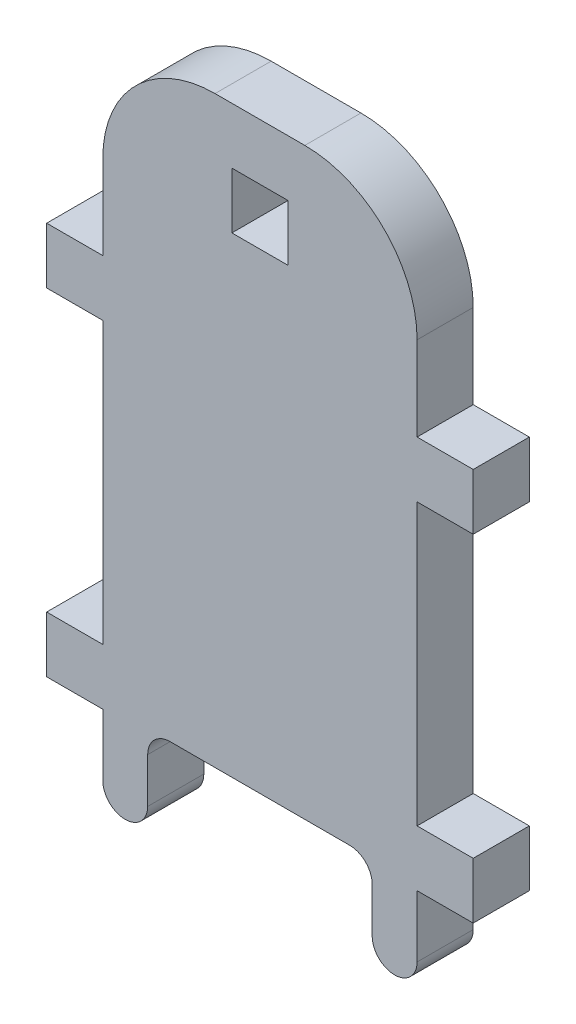
ISO-10303-21;
HEADER;
FILE_DESCRIPTION(('STEP AP214'),'2;1');
FILE_NAME('part.step','',(''),(''),'','','');
FILE_SCHEMA(('AUTOMOTIVE_DESIGN { 1 0 10303 214 1 1 1 1 }'));
ENDSEC;
DATA;
#1=APPLICATION_CONTEXT('core data for automotive mechanical design processes');
#2=APPLICATION_PROTOCOL_DEFINITION('international standard','automotive_design',2000,#1);
#3=PRODUCT_CONTEXT('',#1,'mechanical');
#4=PRODUCT('Part','Part','',(#3));
#5=PRODUCT_RELATED_PRODUCT_CATEGORY('part','',(#4));
#6=PRODUCT_DEFINITION_FORMATION('','',#4);
#7=PRODUCT_DEFINITION_CONTEXT('part definition',#1,'design');
#8=PRODUCT_DEFINITION('design','',#6,#7);
#9=PRODUCT_DEFINITION_SHAPE('','',#8);
#10=(LENGTH_UNIT() NAMED_UNIT(*) SI_UNIT(.MILLI.,.METRE.));
#11=(NAMED_UNIT(*) PLANE_ANGLE_UNIT() SI_UNIT($,.RADIAN.));
#12=(NAMED_UNIT(*) SI_UNIT($,.STERADIAN.) SOLID_ANGLE_UNIT());
#13=UNCERTAINTY_MEASURE_WITH_UNIT(LENGTH_MEASURE(1.E-05),#10,'distance_accuracy_value','');
#14=(GEOMETRIC_REPRESENTATION_CONTEXT(3) GLOBAL_UNCERTAINTY_ASSIGNED_CONTEXT((#13)) GLOBAL_UNIT_ASSIGNED_CONTEXT((#10,
#11,#12)) REPRESENTATION_CONTEXT('',''));
#15=CARTESIAN_POINT('',(0.,0.,0.));
#16=DIRECTION('',(0.,0.,1.));
#17=DIRECTION('',(1.,0.,0.));
#18=AXIS2_PLACEMENT_3D('',#15,#16,#17);
#19=CARTESIAN_POINT('',(0.,0.,5.));
#20=DIRECTION('',(0.,0.,1.));
#21=DIRECTION('',(1.,0.,0.));
#22=AXIS2_PLACEMENT_3D('',#19,#20,#21);
#23=PLANE('',#22);
#24=DIRECTION('',(0.,1.,0.));
#25=VECTOR('',#24,1.);
#26=CARTESIAN_POINT('',(28.,42.5,5.));
#27=LINE('',#26,#25);
#28=CARTESIAN_POINT('',(28.,42.5,5.));
#29=VERTEX_POINT('',#28);
#30=CARTESIAN_POINT('',(28.,50.,5.));
#31=VERTEX_POINT('',#30);
#32=EDGE_CURVE('E359',#29,#31,#27,.T.);
#33=ORIENTED_EDGE('',*,*,#32,.T.);
#34=CARTESIAN_POINT('',(18.,50.,5.));
#35=DIRECTION('',(0.,0.,1.));
#36=DIRECTION('',(1.,0.,0.));
#37=AXIS2_PLACEMENT_3D('',#34,#35,#36);
#38=CIRCLE('',#37,10.);
#39=CARTESIAN_POINT('',(18.,60.,5.));
#40=VERTEX_POINT('',#39);
#41=EDGE_CURVE('E48',#31,#40,#38,.T.);
#42=ORIENTED_EDGE('',*,*,#41,.T.);
#43=DIRECTION('',(-1.,0.,0.));
#44=VECTOR('',#43,1.);
#45=CARTESIAN_POINT('',(0.,60.,5.));
#46=LINE('',#45,#44);
#47=CARTESIAN_POINT('',(10.,60.,5.));
#48=VERTEX_POINT('',#47);
#49=EDGE_CURVE('E362',#40,#48,#46,.T.);
#50=ORIENTED_EDGE('',*,*,#49,.T.);
#51=CARTESIAN_POINT('',(10.,50.,5.));
#52=DIRECTION('',(0.,0.,1.));
#53=DIRECTION('',(1.,0.,0.));
#54=AXIS2_PLACEMENT_3D('',#51,#52,#53);
#55=CIRCLE('',#54,10.);
#56=CARTESIAN_POINT('',(0.,50.,5.));
#57=VERTEX_POINT('',#56);
#58=EDGE_CURVE('E55',#48,#57,#55,.T.);
#59=ORIENTED_EDGE('',*,*,#58,.T.);
#60=DIRECTION('',(0.,-1.,0.));
#61=VECTOR('',#60,1.);
#62=CARTESIAN_POINT('',(0.,42.5,5.));
#63=LINE('',#62,#61);
#64=CARTESIAN_POINT('',(0.,42.5,5.));
#65=VERTEX_POINT('',#64);
#66=EDGE_CURVE('E365',#57,#65,#63,.T.);
#67=ORIENTED_EDGE('',*,*,#66,.T.);
#68=DIRECTION('',(-1.,0.,0.));
#69=VECTOR('',#68,1.);
#70=CARTESIAN_POINT('',(0.,42.5,5.));
#71=LINE('',#70,#69);
#72=CARTESIAN_POINT('',(-5.,42.5,5.));
#73=VERTEX_POINT('',#72);
#74=EDGE_CURVE('E368',#65,#73,#71,.T.);
#75=ORIENTED_EDGE('',*,*,#74,.T.);
#76=DIRECTION('',(0.,-1.,0.));
#77=VECTOR('',#76,1.);
#78=CARTESIAN_POINT('',(-5.,42.5,5.));
#79=LINE('',#78,#77);
#80=CARTESIAN_POINT('',(-5.,37.5,5.));
#81=VERTEX_POINT('',#80);
#82=EDGE_CURVE('E371',#73,#81,#79,.T.);
#83=ORIENTED_EDGE('',*,*,#82,.T.);
#84=DIRECTION('',(1.,0.,0.));
#85=VECTOR('',#84,1.);
#86=CARTESIAN_POINT('',(0.,37.5,5.));
#87=LINE('',#86,#85);
#88=CARTESIAN_POINT('',(0.,37.5,5.));
#89=VERTEX_POINT('',#88);
#90=EDGE_CURVE('E374',#81,#89,#87,.T.);
#91=ORIENTED_EDGE('',*,*,#90,.T.);
#92=DIRECTION('',(0.,-1.,0.));
#93=VECTOR('',#92,1.);
#94=CARTESIAN_POINT('',(0.,12.5,5.));
#95=LINE('',#94,#93);
#96=CARTESIAN_POINT('',(0.,12.5,5.));
#97=VERTEX_POINT('',#96);
#98=EDGE_CURVE('E377',#89,#97,#95,.T.);
#99=ORIENTED_EDGE('',*,*,#98,.T.);
#100=DIRECTION('',(-1.,0.,0.));
#101=VECTOR('',#100,1.);
#102=CARTESIAN_POINT('',(0.,12.5,5.));
#103=LINE('',#102,#101);
#104=CARTESIAN_POINT('',(-5.,12.5,5.));
#105=VERTEX_POINT('',#104);
#106=EDGE_CURVE('E380',#97,#105,#103,.T.);
#107=ORIENTED_EDGE('',*,*,#106,.T.);
#108=DIRECTION('',(0.,-1.,0.));
#109=VECTOR('',#108,1.);
#110=CARTESIAN_POINT('',(-5.,7.5,5.));
#111=LINE('',#110,#109);
#112=CARTESIAN_POINT('',(-5.,7.5,5.));
#113=VERTEX_POINT('',#112);
#114=EDGE_CURVE('E383',#105,#113,#111,.T.);
#115=ORIENTED_EDGE('',*,*,#114,.T.);
#116=DIRECTION('',(1.,0.,0.));
#117=VECTOR('',#116,1.);
#118=CARTESIAN_POINT('',(0.,7.5,5.));
#119=LINE('',#118,#117);
#120=CARTESIAN_POINT('',(0.,7.5,5.));
#121=VERTEX_POINT('',#120);
#122=EDGE_CURVE('E386',#113,#121,#119,.T.);
#123=ORIENTED_EDGE('',*,*,#122,.T.);
#124=DIRECTION('',(0.,-1.,0.));
#125=VECTOR('',#124,1.);
#126=CARTESIAN_POINT('',(0.,0.,5.));
#127=LINE('',#126,#125);
#128=CARTESIAN_POINT('',(0.,2.,5.));
#129=VERTEX_POINT('',#128);
#130=EDGE_CURVE('E319',#121,#129,#127,.T.);
#131=ORIENTED_EDGE('',*,*,#130,.T.);
#132=CARTESIAN_POINT('',(2.,2.,5.));
#133=DIRECTION('',(0.,0.,1.));
#134=DIRECTION('',(1.,0.,0.));
#135=AXIS2_PLACEMENT_3D('',#132,#133,#134);
#136=CIRCLE('',#135,2.);
#137=CARTESIAN_POINT('',(2.,0.,5.));
#138=VERTEX_POINT('',#137);
#139=EDGE_CURVE('E568',#129,#138,#136,.T.);
#140=ORIENTED_EDGE('',*,*,#139,.T.);
#141=CARTESIAN_POINT('',(2.,2.,5.));
#142=DIRECTION('',(0.,0.,1.));
#143=DIRECTION('',(1.,0.,0.));
#144=AXIS2_PLACEMENT_3D('',#141,#142,#143);
#145=CIRCLE('',#144,2.);
#146=CARTESIAN_POINT('',(4.,2.,5.));
#147=VERTEX_POINT('',#146);
#148=EDGE_CURVE('E565',#138,#147,#145,.T.);
#149=ORIENTED_EDGE('',*,*,#148,.T.);
#150=DIRECTION('',(0.,1.,0.));
#151=VECTOR('',#150,1.);
#152=CARTESIAN_POINT('',(4.,0.,5.));
#153=LINE('',#152,#151);
#154=CARTESIAN_POINT('',(4.,6.,5.));
#155=VERTEX_POINT('',#154);
#156=EDGE_CURVE('E323',#147,#155,#153,.T.);
#157=ORIENTED_EDGE('',*,*,#156,.T.);
#158=CARTESIAN_POINT('',(6.,6.,5.));
#159=DIRECTION('',(0.,0.,1.));
#160=DIRECTION('',(1.,0.,0.));
#161=AXIS2_PLACEMENT_3D('',#158,#159,#160);
#162=CIRCLE('',#161,2.);
#163=CARTESIAN_POINT('',(6.,8.,5.));
#164=VERTEX_POINT('',#163);
#165=EDGE_CURVE('E546',#155,#164,#162,.F.);
#166=ORIENTED_EDGE('',*,*,#165,.T.);
#167=DIRECTION('',(1.,0.,0.));
#168=VECTOR('',#167,1.);
#169=CARTESIAN_POINT('',(4.,8.,5.));
#170=LINE('',#169,#168);
#171=CARTESIAN_POINT('',(22.,8.,5.));
#172=VERTEX_POINT('',#171);
#173=EDGE_CURVE('E327',#164,#172,#170,.T.);
#174=ORIENTED_EDGE('',*,*,#173,.T.);
#175=CARTESIAN_POINT('',(22.,6.,5.));
#176=DIRECTION('',(0.,0.,1.));
#177=DIRECTION('',(1.,0.,0.));
#178=AXIS2_PLACEMENT_3D('',#175,#176,#177);
#179=CIRCLE('',#178,2.);
#180=CARTESIAN_POINT('',(24.,6.,5.));
#181=VERTEX_POINT('',#180);
#182=EDGE_CURVE('E539',#172,#181,#179,.F.);
#183=ORIENTED_EDGE('',*,*,#182,.T.);
#184=DIRECTION('',(0.,-1.,0.));
#185=VECTOR('',#184,1.);
#186=CARTESIAN_POINT('',(24.,8.,5.));
#187=LINE('',#186,#185);
#188=CARTESIAN_POINT('',(24.,2.,5.));
#189=VERTEX_POINT('',#188);
#190=EDGE_CURVE('E331',#181,#189,#187,.T.);
#191=ORIENTED_EDGE('',*,*,#190,.T.);
#192=CARTESIAN_POINT('',(26.,2.,5.));
#193=DIRECTION('',(0.,0.,1.));
#194=DIRECTION('',(1.,0.,0.));
#195=AXIS2_PLACEMENT_3D('',#192,#193,#194);
#196=CIRCLE('',#195,2.);
#197=CARTESIAN_POINT('',(26.,0.,5.));
#198=VERTEX_POINT('',#197);
#199=EDGE_CURVE('E574',#189,#198,#196,.T.);
#200=ORIENTED_EDGE('',*,*,#199,.T.);
#201=CARTESIAN_POINT('',(26.,2.,5.));
#202=DIRECTION('',(0.,0.,1.));
#203=DIRECTION('',(1.,0.,0.));
#204=AXIS2_PLACEMENT_3D('',#201,#202,#203);
#205=CIRCLE('',#204,2.);
#206=CARTESIAN_POINT('',(28.,2.,5.));
#207=VERTEX_POINT('',#206);
#208=EDGE_CURVE('E571',#198,#207,#205,.T.);
#209=ORIENTED_EDGE('',*,*,#208,.T.);
#210=DIRECTION('',(0.,1.,0.));
#211=VECTOR('',#210,1.);
#212=CARTESIAN_POINT('',(28.,0.,5.));
#213=LINE('',#212,#211);
#214=CARTESIAN_POINT('',(28.,7.5,5.));
#215=VERTEX_POINT('',#214);
#216=EDGE_CURVE('E335',#207,#215,#213,.T.);
#217=ORIENTED_EDGE('',*,*,#216,.T.);
#218=DIRECTION('',(1.,0.,0.));
#219=VECTOR('',#218,1.);
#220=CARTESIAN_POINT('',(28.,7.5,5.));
========================================
• [WHAT IS BEING ASKED]:
Taking the line with "#99=ORIENTED_EDGE('',*,*,#98,.T.);" as the first and the line with "#149=ORIENTED_EDGE('',*,*,#148,.T.);" as the last, retype that stretch of the data above exactly, with no other lines.

• [WRITTEN SOLUTION]:
#99=ORIENTED_EDGE('',*,*,#98,.T.);
#100=DIRECTION('',(-1.,0.,0.));
#101=VECTOR('',#100,1.);
#102=CARTESIAN_POINT('',(0.,12.5,5.));
#103=LINE('',#102,#101);
#104=CARTESIAN_POINT('',(-5.,12.5,5.));
#105=VERTEX_POINT('',#104);
#106=EDGE_CURVE('E380',#97,#105,#103,.T.);
#107=ORIENTED_EDGE('',*,*,#106,.T.);
#108=DIRECTION('',(0.,-1.,0.));
#109=VECTOR('',#108,1.);
#110=CARTESIAN_POINT('',(-5.,7.5,5.));
#111=LINE('',#110,#109);
#112=CARTESIAN_POINT('',(-5.,7.5,5.));
#113=VERTEX_POINT('',#112);
#114=EDGE_CURVE('E383',#105,#113,#111,.T.);
#115=ORIENTED_EDGE('',*,*,#114,.T.);
#116=DIRECTION('',(1.,0.,0.));
#117=VECTOR('',#116,1.);
#118=CARTESIAN_POINT('',(0.,7.5,5.));
#119=LINE('',#118,#117);
#120=CARTESIAN_POINT('',(0.,7.5,5.));
#121=VERTEX_POINT('',#120);
#122=EDGE_CURVE('E386',#113,#121,#119,.T.);
#123=ORIENTED_EDGE('',*,*,#122,.T.);
#124=DIRECTION('',(0.,-1.,0.));
#125=VECTOR('',#124,1.);
#126=CARTESIAN_POINT('',(0.,0.,5.));
#127=LINE('',#126,#125);
#128=CARTESIAN_POINT('',(0.,2.,5.));
#129=VERTEX_POINT('',#128);
#130=EDGE_CURVE('E319',#121,#129,#127,.T.);
#131=ORIENTED_EDGE('',*,*,#130,.T.);
#132=CARTESIAN_POINT('',(2.,2.,5.));
#133=DIRECTION('',(0.,0.,1.));
#134=DIRECTION('',(1.,0.,0.));
#135=AXIS2_PLACEMENT_3D('',#132,#133,#134);
#136=CIRCLE('',#135,2.);
#137=CARTESIAN_POINT('',(2.,0.,5.));
#138=VERTEX_POINT('',#137);
#139=EDGE_CURVE('E568',#129,#138,#136,.T.);
#140=ORIENTED_EDGE('',*,*,#139,.T.);
#141=CARTESIAN_POINT('',(2.,2.,5.));
#142=DIRECTION('',(0.,0.,1.));
#143=DIRECTION('',(1.,0.,0.));
#144=AXIS2_PLACEMENT_3D('',#141,#142,#143);
#145=CIRCLE('',#144,2.);
#146=CARTESIAN_POINT('',(4.,2.,5.));
#147=VERTEX_POINT('',#146);
#148=EDGE_CURVE('E565',#138,#147,#145,.T.);
#149=ORIENTED_EDGE('',*,*,#148,.T.);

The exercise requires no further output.